Gray v. Gray

947 So. 2d 1045, 2006 WL 1793753
CourtSupreme Court of Alabama
DecidedJune 30, 2006
Docket1050143
StatusPublished
Cited by7 cases

This text of 947 So. 2d 1045 (Gray v. Gray) is published on Counsel Stack Legal Research, covering Supreme Court of Alabama primary law. Counsel Stack provides free access to over 12 million legal documents including statutes, case law, regulations, and constitutions.

Bluebook
Gray v. Gray, 947 So. 2d 1045, 2006 WL 1793753 (Ala. 2006).

Opinions

William Terry Gray, the executor of the estate of John Merrill Gray II ("John"), appeals the probate court's judgment finding that John Merrill Gray III ("Jack") is entitled to receive a share of John's estate under Ala.
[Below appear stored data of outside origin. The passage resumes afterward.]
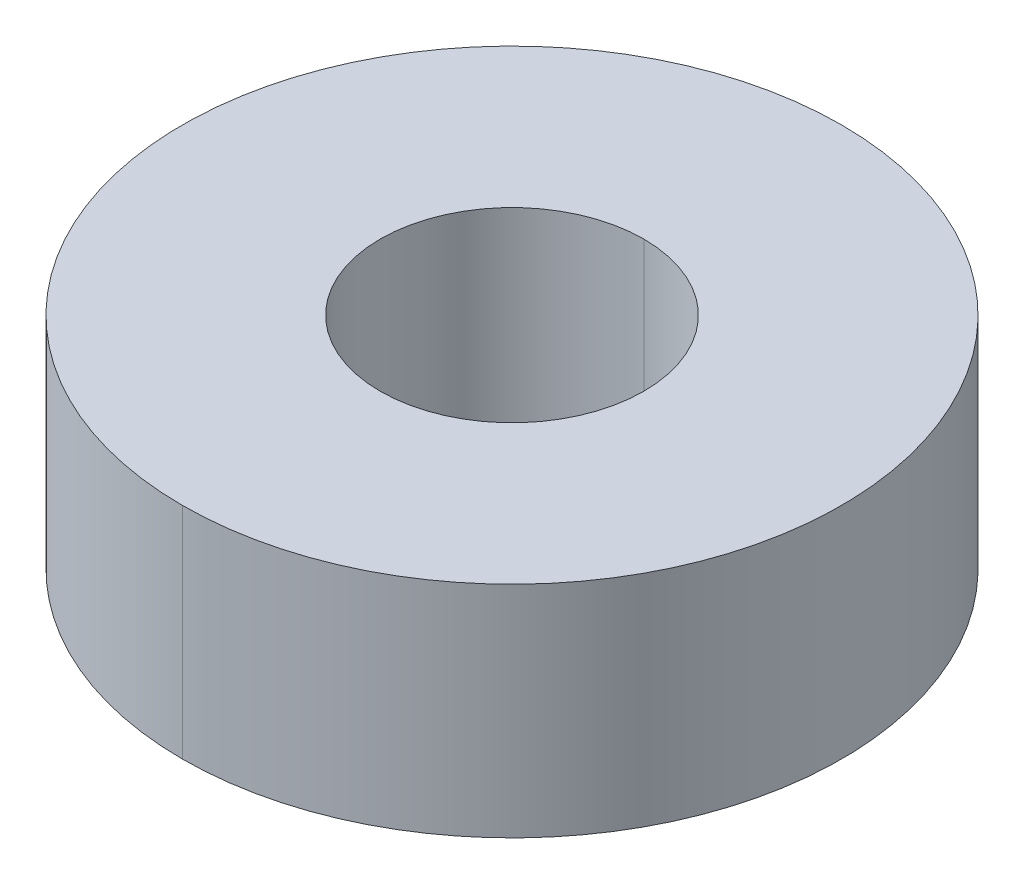
ISO-10303-21;
HEADER;
FILE_DESCRIPTION(('STEP AP214'),'2;1');
FILE_NAME('part.step','',(''),(''),'','','');
FILE_SCHEMA(('AUTOMOTIVE_DESIGN { 1 0 10303 214 1 1 1 1 }'));
ENDSEC;
DATA;
#1=APPLICATION_CONTEXT('core data for automotive mechanical design processes');
#2=APPLICATION_PROTOCOL_DEFINITION('international standard','automotive_design',2000,#1);
#3=PRODUCT_CONTEXT('',#1,'mechanical');
#4=PRODUCT('Part','Part','',(#3));
#5=PRODUCT_RELATED_PRODUCT_CATEGORY('part','',(#4));
#6=PRODUCT_DEFINITION_FORMATION('','',#4);
#7=PRODUCT_DEFINITION_CONTEXT('part definition',#1,'design');
#8=PRODUCT_DEFINITION('design','',#6,#7);
#9=PRODUCT_DEFINITION_SHAPE('','',#8);
#10=(LENGTH_UNIT() NAMED_UNIT(*) SI_UNIT(.MILLI.,.METRE.));
#11=(NAMED_UNIT(*) PLANE_ANGLE_UNIT() SI_UNIT($,.RADIAN.));
#12=(NAMED_UNIT(*) SI_UNIT($,.STERADIAN.) SOLID_ANGLE_UNIT());
#13=UNCERTAINTY_MEASURE_WITH_UNIT(LENGTH_MEASURE(1.E-05),#10,'distance_accuracy_value','');
#14=(GEOMETRIC_REPRESENTATION_CONTEXT(3) GLOBAL_UNCERTAINTY_ASSIGNED_CONTEXT((#13)) GLOBAL_UNIT_ASSIGNED_CONTEXT((#10,
#11,#12)) REPRESENTATION_CONTEXT('',''));
#15=CARTESIAN_POINT('',(0.,0.,0.));
#16=DIRECTION('',(0.,0.,1.));
#17=DIRECTION('',(1.,0.,0.));
#18=AXIS2_PLACEMENT_3D('',#15,#16,#17);
#19=CARTESIAN_POINT('',(0.,5.,0.));
#20=DIRECTION('',(0.,-1.,0.));
#21=DIRECTION('',(0.,0.,-1.));
#22=AXIS2_PLACEMENT_3D('',#19,#20,#21);
#23=CYLINDRICAL_SURFACE('',#22,3.);
#24=DIRECTION('',(0.,-1.,0.));
#25=VECTOR('',#24,1.);
#26=CARTESIAN_POINT('',(0.,5.,3.));
#27=LINE('',#26,#25);
#28=CARTESIAN_POINT('',(0.,5.,3.));
#29=VERTEX_POINT('',#28);
#30=CARTESIAN_POINT('',(0.,0.,3.));
#31=VERTEX_POINT('',#30);
#32=EDGE_CURVE('E90',#29,#31,#27,.T.);
#33=ORIENTED_EDGE('',*,*,#32,.F.);
#34=CARTESIAN_POINT('',(0.,5.,0.));
#35=DIRECTION('',(0.,1.,0.));
#36=DIRECTION('',(0.,0.,1.));
#37=AXIS2_PLACEMENT_3D('',#34,#35,#36);
#38=CIRCLE('',#37,3.);
#39=CARTESIAN_POINT('',(0.,5.,-3.));
#40=VERTEX_POINT('',#39);
#41=EDGE_CURVE('E82',#29,#40,#38,.T.);
#42=ORIENTED_EDGE('',*,*,#41,.T.);
#43=DIRECTION('',(0.,-1.,0.));
#44=VECTOR('',#43,1.);
#45=CARTESIAN_POINT('',(0.,5.,-3.));
#46=LINE('',#45,#44);
#47=CARTESIAN_POINT('',(0.,0.,-3.));
#48=VERTEX_POINT('',#47);
#49=EDGE_CURVE('E81',#40,#48,#46,.T.);
#50=ORIENTED_EDGE('',*,*,#49,.T.);
#51=CARTESIAN_POINT('',(0.,0.,0.));
#52=DIRECTION('',(0.,1.,0.));
#53=DIRECTION('',(0.,0.,1.));
#54=AXIS2_PLACEMENT_3D('',#51,#52,#53);
#55=CIRCLE('',#54,3.);
#56=EDGE_CURVE('E11',#31,#48,#55,.T.);
#57=ORIENTED_EDGE('',*,*,#56,.F.);
#58=EDGE_LOOP('',(#33,#42,#50,#57));
#59=FACE_BOUND('',#58,.T.);
#60=ADVANCED_FACE('F17',(#59),#23,.F.);
#61=CARTESIAN_POINT('',(0.,5.,0.));
#62=DIRECTION('',(0.,-1.,0.));
#63=DIRECTION('',(0.,0.,-1.));
#64=AXIS2_PLACEMENT_3D('',#61,#62,#63);
#65=CYLINDRICAL_SURFACE('',#64,7.5);
#66=DIRECTION('',(0.,-1.,0.));
#67=VECTOR('',#66,1.);
#68=CARTESIAN_POINT('',(0.,5.,7.5));
#69=LINE('',#68,#67);
#70=CARTESIAN_POINT('',(0.,5.,7.5));
#71=VERTEX_POINT('',#70);
#72=CARTESIAN_POINT('',(0.,0.,7.5));
#73=VERTEX_POINT('',#72);
#74=EDGE_CURVE('E100',#71,#73,#69,.T.);
#75=ORIENTED_EDGE('',*,*,#74,.F.);
#76=CARTESIAN_POINT('',(0.,5.,0.));
#77=DIRECTION('',(0.,1.,0.));
#78=DIRECTION('',(0.,0.,1.));
#79=AXIS2_PLACEMENT_3D('',#76,#77,#78);
#80=CIRCLE('',#79,7.5);
#81=CARTESIAN_POINT('',(0.,5.,-7.5));
#82=VERTEX_POINT('',#81);
#83=EDGE_CURVE('E21',#82,#71,#80,.T.);
#84=ORIENTED_EDGE('',*,*,#83,.F.);
#85=DIRECTION('',(0.,-1.,0.));
#86=VECTOR('',#85,1.);
#87=CARTESIAN_POINT('',(0.,5.,-7.5));
#88=LINE('',#87,#86);
#89=CARTESIAN_POINT('',(0.,0.,-7.5));
#90=VERTEX_POINT('',#89);
#91=EDGE_CURVE('E105',#82,#90,#88,.T.);
#92=ORIENTED_EDGE('',*,*,#91,.T.);
#93=CARTESIAN_POINT('',(0.,0.,0.));
#94=DIRECTION('',(0.,1.,0.));
#95=DIRECTION('',(0.,0.,1.));
#96=AXIS2_PLACEMENT_3D('',#93,#94,#95);
#97=CIRCLE('',#96,7.5);
#98=EDGE_CURVE('E27',#90,#73,#97,.T.);
#99=ORIENTED_EDGE('',*,*,#98,.T.);
#100=EDGE_LOOP('',(#75,#84,#92,#99));
#101=FACE_BOUND('',#100,.T.);
#102=ADVANCED_FACE('F127',(#101),#65,.T.);
#103=CARTESIAN_POINT('',(0.,0.,0.));
#104=DIRECTION('',(0.,1.,0.));
#105=DIRECTION('',(1.,0.,0.));
#106=AXIS2_PLACEMENT_3D('',#103,#104,#105);
#107=PLANE('',#106);
#108=CARTESIAN_POINT('',(0.,0.,0.));
#109=DIRECTION('',(0.,1.,0.));
#110=DIRECTION('',(0.,0.,1.));
#111=AXIS2_PLACEMENT_3D('',#108,#109,#110);
#112=CIRCLE('',#111,3.);
#113=EDGE_CURVE('E76',#48,#31,#112,.T.);
#114=ORIENTED_EDGE('',*,*,#113,.T.);
#115=ORIENTED_EDGE('',*,*,#56,.T.);
#116=EDGE_LOOP('',(#114,#115));
#117=FACE_BOUND('',#116,.T.);
#118=ORIENTED_EDGE('',*,*,#98,.F.);
#119=CARTESIAN_POINT('',(0.,0.,0.));
#120=DIRECTION('',(0.,1.,0.));
#121=DIRECTION('',(0.,0.,1.));
#122=AXIS2_PLACEMENT_3D('',#119,#120,#121);
#123=CIRCLE('',#122,7.5);
#124=EDGE_CURVE('E104',#73,#90,#123,.T.);
#125=ORIENTED_EDGE('',*,*,#124,.F.);
#126=EDGE_LOOP('',(#118,#125));
#127=FACE_BOUND('',#126,.T.);
#128=ADVANCED_FACE('F74',(#117,#127),#107,.F.);
#129=CARTESIAN_POINT('',(0.,5.,0.));
#130=DIRECTION('',(0.,1.,0.));
#131=DIRECTION('',(1.,0.,0.));
#132=AXIS2_PLACEMENT_3D('',#129,#130,#131);
#133=PLANE('',#132);
#134=CARTESIAN_POINT('',(0.,5.,0.));
#135=DIRECTION('',(0.,1.,0.));
#136=DIRECTION('',(0.,0.,1.));
#137=AXIS2_PLACEMENT_3D('',#134,#135,#136);
#138=CIRCLE('',#137,3.);
#139=EDGE_CURVE('E97',#40,#29,#138,.T.);
#140=ORIENTED_EDGE('',*,*,#139,.F.);
#141=ORIENTED_EDGE('',*,*,#41,.F.);
#142=EDGE_LOOP('',(#140,#141));
#143=FACE_BOUND('',#142,.T.);
#144=ORIENTED_EDGE('',*,*,#83,.T.);
#145=CARTESIAN_POINT('',(0.,5.,0.));
#146=DIRECTION('',(0.,1.,0.));
#147=DIRECTION('',(0.,0.,1.));
#148=AXIS2_PLACEMENT_3D('',#145,#146,#147);
#149=CIRCLE('',#148,7.5);
#150=EDGE_CURVE('E87',#71,#82,#149,.T.);
#151=ORIENTED_EDGE('',*,*,#150,.T.);
#152=EDGE_LOOP('',(#144,#151));
#153=FACE_BOUND('',#152,.T.);
#154=ADVANCED_FACE('F124',(#143,#153),#133,.T.);
#155=CARTESIAN_POINT('',(0.,5.,0.));
#156=DIRECTION('',(0.,-1.,0.));
#157=DIRECTION('',(0.,0.,-1.));
#158=AXIS2_PLACEMENT_3D('',#155,#156,#157);
#159=CYLINDRICAL_SURFACE('',#158,7.5);
#160=ORIENTED_EDGE('',*,*,#150,.F.);
#161=ORIENTED_EDGE('',*,*,#74,.T.);
#162=ORIENTED_EDGE('',*,*,#124,.T.);
#163=ORIENTED_EDGE('',*,*,#91,.F.);
#164=EDGE_LOOP('',(#160,#161,#162,#163));
#165=FACE_BOUND('',#164,.T.);
#166=ADVANCED_FACE('F19',(#165),#159,.T.);
#167=CARTESIAN_POINT('',(0.,5.,0.));
#168=DIRECTION('',(0.,-1.,0.));
#169=DIRECTION('',(0.,0.,-1.));
#170=AXIS2_PLACEMENT_3D('',#167,#168,#169);
#171=CYLINDRICAL_SURFACE('',#170,3.);
#172=ORIENTED_EDGE('',*,*,#139,.T.);
#173=ORIENTED_EDGE('',*,*,#32,.T.);
#174=ORIENTED_EDGE('',*,*,#113,.F.);
#175=ORIENTED_EDGE('',*,*,#49,.F.);
#176=EDGE_LOOP('',(#172,#173,#174,#175));
#177=FACE_BOUND('',#176,.T.);
#178=ADVANCED_FACE('F89',(#177),#171,.F.);
#179=CLOSED_SHELL('',(#60,#102,#128,#154,#166,#178));
#180=MANIFOLD_SOLID_BREP('B1',#179);
#181=ADVANCED_BREP_SHAPE_REPRESENTATION('',(#18,#180),#14);
#182=SHAPE_DEFINITION_REPRESENTATION(#9,#181);
ENDSEC;
END-ISO-10303-21;

Code 1975, §43-8-91. We reverse the probate court's judgment and remand the case for further proceedings consistent with this opinion.

Background
In 1981, John executed his will. At that time, John was married to Mary Rose Gray and had two children from a prior marriage, Robert B. Gray and Monica L. Muncher. John's will devised all of his estate to his wife Mary and did not include his two children.1 In 1984, John and Mary gave birth to John Merrill "Jack" Gray III. In 1989, John and Mary divorced. John and Mary's divorce judgment and property settlement included a provision creating a trust for Jack, which states that "[o]ne-half of all assets, inheritance or disbursements of any kind received by the Husband from his mother's estate shall be placed in trust for his son, Jack." Pursuant to Ala. Code 1975, § 43-8-137,2 even though John's will devised all of his estate to Mary, Mary would not inherit under John's will upon his death because John and Mary divorced. In 2004, John died without having changed his will. *Page 1047

William Terry Gray, the executor of John's estate, petitioned the Jefferson County Probate Court to probate John's will. Jack petitioned the probate court for an order finding that he is entitled to a share of John's estate under Ala. Code 1975, §43-8-91, which provides in full:

"(a) If a testator fails to provide in his will for any of his children born or adopted after the execution of his will, the omitted child receives a share in the estate equal in value to that which he would have received if the testator had died intestate unless:

"(1) It appears from the will that the omission was intentional;

"(2) When the will was executed the testator had one or more children and devised substantially all his estate to the other parent of the omitted child; or

"(3) The testator provided for the child by transfer outside the will and the intent that the transfer be in lieu of a testamentary provision be reasonably proven."

The executor moved the probate court to dismiss Jack's petition. The executor argued that Ala. Code 1975, §43-8-91(a)(2), applies because John had two children when he executed his will and devised substantially all of his estate to Jack's mother, Mary. Therefore, the executor argued, Jack was not entitled to his intestate share of John's estate. The executor also argued that Ala. Code 1975, § 43-8-91(a)(3), applies because, he argued, John provided for Jack in a nontestamentary transfer in lieu of a testamentary transfer when he established a trust in Jack's favor upon his divorce from Jack's mother. Robert and Monica, John's children from his previous marriage, also moved the probate court to dismiss Jack's petition under Ala. Code 1975, § 43-8-91(a)(3).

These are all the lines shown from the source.